Re: O'Reilly shows us we can't have religion in sc
All of those points can be answered with the simple phrase, he knew what would happen, and went ahead and did it anyway. Buck stops with your god. What sort of perfect, all-knowing cosmic being creates something with the desire for it to be perfect also, but then creates three beings (Adam Eve and most importantly, Auld Nick,) that he knows fine well will fuck up his whole plan?
My best guess is that whatever He wanted to achieve required the risk -- and even knowing what the risk was going to yield, He considered the goal worth the effort.
Remember -- by choosing a path that required the possibility of rebellion, He also chose a path in which God the Son was going to have to be crucified. Now, when mountain biking, I've chosen paths that entailed the possibility of flying head over heels (and heels over head), and about as often as not come to that pass -- but if it also meant that if I did take the tumble, at the end I'd have to let someone pound nails through my wrists (big, square, rough & rusty Roman nails, at that), there'd have to be a lot bigger prize out of it that just reaching the end of the trail.
And don't get me wrong Kuli, ridiculous though I find your attempts to quantify this shit, I have a lot of respect for you not copping out with "it's all part of gods plan," or "he moves in mysterious ways."
Well, it is all part of God's plan, but in my experience when looking into all these things, the people who have that as their "answer" aren't worth listening to -- I regard them as akin to the guy who quits preparing a plan for orbiting the moon because "from here it's just algebra".
That "He moves in mysterious ways" is far, far over-used. It has more to do with Thompson's poem
Hound of Heaven than with escaping the need to think. It applies at root to the two great things Paul calls "mysteries": the "mystery" of godliness, and the "mystery" of ungodliness (the latter, btw, being the question you're asking: why is there sin?, or, why did God go ahead with a plan that was going to get screwed up?).

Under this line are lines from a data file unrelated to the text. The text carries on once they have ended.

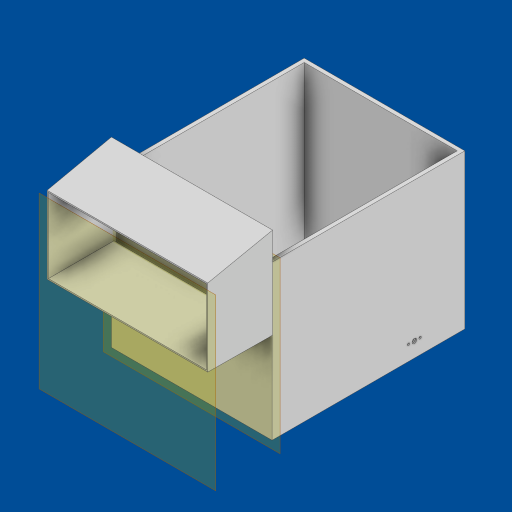
# Autodesk Inventor part: top_case
Saved by Autodesk Inventor 2023.1 (Build 271208000, 208)
## iProperties
Created: 2023-05-31
Part Number: top_case
Material: Generic
Document SubType Name: Modeling
Designer: nara atthama
Density: 1 g/cm^3
Appearance: Default
Author: nara atthama
Autodesk Inventor part; units mm, degrees
ref_plane "YZ Plane" through (0, 0, 0) normal (1, 0, 0) x (0, 1, 0)
ref_plane "XZ Plane" through (0, 0, 0) normal (0, 1, 0) x (-1, 0, 0)
ref_plane "XY Plane" through (0, 0, 0) normal (0, 0, 1) x (1, 0, 0)
sketch "Sketch1" plane through (0, 0, 0) normal (0, 1, 0) x (-1, 0, 0)
  line L0 (62.5, 75) -> (-62.5, 75)
  line L1 (-62.5, 75) -> (-62.5, -75)
  line L2 (-62.5, -75) -> (62.5, -75)
  line L3 (62.5, -75) -> (62.5, 75)
  line L4 (59.5, 72) -> (-59.5, 72)
  line L5 (-59.5, 72) -> (-59.5, -72)
  line L6 (-59.5, -72) -> (59.5, -72)
  line L7 (59.5, -72) -> (59.5, 72)
  point P0 (0, 0)
  point P1 (0, 75)
  dimension "d0" = 125
  dimension "d1" = 150
  dimension "d2" = 62.5
  dimension "d3" = 75
  dimension "d4" = 3
  constraints: 16 end point, 4 parallel, 2 perpendicular, 1 horizontal, 1 midpoint, 3 other
  measures "d0" distance of L2.end L1.end
  measures "d1" distance of L1.end L0.end
  measures "d2" distance from line of L3 point (0, 0)
  measures "d3" distance of point (0, 75) point (0, 0)
  measures "d4" distance between parallel lines of L3 L7
extrude "Extrusion1" add sketch "Sketch1" along normal blind 120
ref_plane "Work Plane3" through (62.5, 120, 75) normal (0, 0, 1) x (1, 0, 0)
sketch "Sketch3" plane through (62.5, 120, 75) normal (0, 0, 1) x (1, 0, 0)
  line L0 (-125, 21.7987) -> (0.3741, 21.7987)
  line L1 (0.3741, 21.7987) -> (0.3741, -49.0581)
  line L2 (0.3741, -49.0581) -> (-125, -49.0581)
  line L3 (-125, -49.0581) -> (-125, 21.7987)
  line L4 (-2.6259, -46.0581) -> (-2.6259, 18.7987)
  line L5 (-2.6259, 18.7987) -> (-122, 18.7987)
  line L6 (-122, 18.7987) -> (-122, -46.0581)
  line L7 (-122, -46.0581) -> (-2.6259, -46.0581)
  point P0 (-62.5, -120)
  dimension "d9" = 3
  constraints: 16 end point, 4 parallel, 2 perpendicular, 1 horizontal, 3 other
  measures "d9" distance between parallel lines of L1 L4
ref_plane "Work Plane4" through (-62.5, 0, 125) normal (0, 0, 1) x (1, 0, 0)
sketch "Sketch4" plane through (-62.5, 0, 125) normal (0, 0, 1) x (1, 0, 0)
  line L0 (3, 73.9419) -> (122.3741, 73.9419) projected
  line L1 (125.3741, 70.9419) -> (0, 70.9419) projected
  line L2 (0, 70.9419) -> (125, 70.9419)
  line L3 (125, 70.9419) -> (125, 130.9419)
  line L4 (125, 130.9419) -> (0, 130.9419)
  line L5 (0, 130.9419) -> (0, 70.9419)
  line L6 (3, 127.9419) -> (122, 127.9419)
  line L7 (122, 127.9419) -> (122, 73.9419)
  line L8 (122, 73.9419) -> (3, 73.9419)
  line L9 (3, 73.9419) -> (3, 127.9419)
  point P0 (62.5, 0)
  dimension "d11" = 3
  dimension "d12" = 60
  constraints: 16 end point, 4 parallel, 2 perpendicular, 1 horizontal, 3 other
  measures "d11" distance between parallel lines of L4 L6
  measures "d12" distance of L4.end L1.end
loft "Loft1" add profiles "Sketch3", "Sketch4" contours L0 L1 L2 L3 | L7 L6 L5 L4 / L9 L6 L7 L0 | L1 L5 L4 L3
shell "Shell1" thickness 1 removed faces 2 at (20.8333, 90.9419, 125) at (20.958, 134.5325, 75)
sketch "Sketch5" plane through (62.5, 0, 75) normal (1, 0, 0) x (0, 0, -1)
  circle A0 centre (106.1461, 11.5611) radius 0.9
  circle A1 centre (115.1461, 11.5611) radius 0.9
  circle A2 centre (110.6461, 11.5611) radius 1.75
  point P0 (75, 0)
  dimension "d18" = 9
  dimension "d19" = 1.8
  dimension "d20" = 1.8
  dimension "d21" = 4.5
  dimension "d24" = 3.5
  constraints: 3 centre point, 2 horizontal alignment, 1 coincident
  measures "d18" distance of A0.centre A1.centre
  measures "d19" diameter of A0
  measures "d20" diameter of A1
  measures "d21" distance of point (110.646, 11.561) A0.centre
  measures "d24" diameter of A2
extrude "Extrusion3" cut sketch "Sketch5" against normal through all
equation "\"d2\" = 0.5 * d0"
equation "\"d3\" = 0.5 * d1"
equation "\"d20\" = d19"
equation "\"d21\" = 0.5 * d18"
body "Solid1"

And thinking of thinking, one great reason in favor of Christianity is that it is a thinker's religion -- those who don't are like the screaming fans in a crowd: they come with the concert, but they have very little to do with the music. Early on, Christian thinkers hammered out things like the Trinity, which came as the result of applying logic and refusing to toss out things that were uncomfortable (as the Athanasian Creed puts it, "the Father is God, the Son is God, the Spirit is God, yet there are not three Gods, but One God" -- which isn't a dogmatic declaration, but a summary of the apparently contradictory data) or strange.
Contrary to the ignorant strain in this thread (and other ones), Christianity is not illogical -- it just has a data set that doesn't comport well with modern notions of how the world works. Setting aside the mystics, the history of Christian thought is one of honing ever finer the blades of logic, and sticking with the data no matter what. That tradition, btw, is what gave us Occam's Razor -- Occam was a churchman (a Franciscan!), and he first coined his rule with regard to theology (for that matter, there's a form of it in Aquinas, which may be where Occam got the notion). And thinking of Occam, I return to a maxim that my upper-level philosophy professors held up by Occam's
lex parsimoniae: logic judges no system, except from the inside.
Following that, a second look at things which seem utterly foolish to us, such as "How many angels can dance on the head of a pin?" take on a different color. In the thought of the day (remember it was perhaps more Aristotelian than biblical), that was a question on par with "How many neutrons can a nucleus hold?", or perhaps more appropriately, "Does a photon have mass?" Without realizing it, in fact, they were dealing with an issue of detectability; our version of the question might very well be, "How many angels must be present in a particular space before their presence can be measured?" Of course that's
if their presence can be measured, but that was part of the question.
And more to the topic, those sorts of things are ones I wouldn't mind seeing in schools -- not as religious lessons, but as exercises in the application of logic, that it is neutral by itself, and depends on the axioms of a system (alongside them one could put some of the exercises in logic that a physics department once foisted on its students: assuming that the behavior of objects in the Road Runner cartoons obey some set of physical laws, what are those laws?). There are also some excellent bits of logic from some of the ancient Babylonian rabbis, with (to us) bizarre sets of premises, but which are perfectly logical within the parameters of those premises. I haven't encountered any such in other ancient religious texts I've dealt with (most ancient near-east stuff is magical, which doesn't lend itself to being logical), nor in the texts of Hinduism (also magical, and mystical), but if there are any good examples, bring them in, too. I suspect there should be some in Buddhism; what I have read has the flavor of something that is hardly an enemy to logic.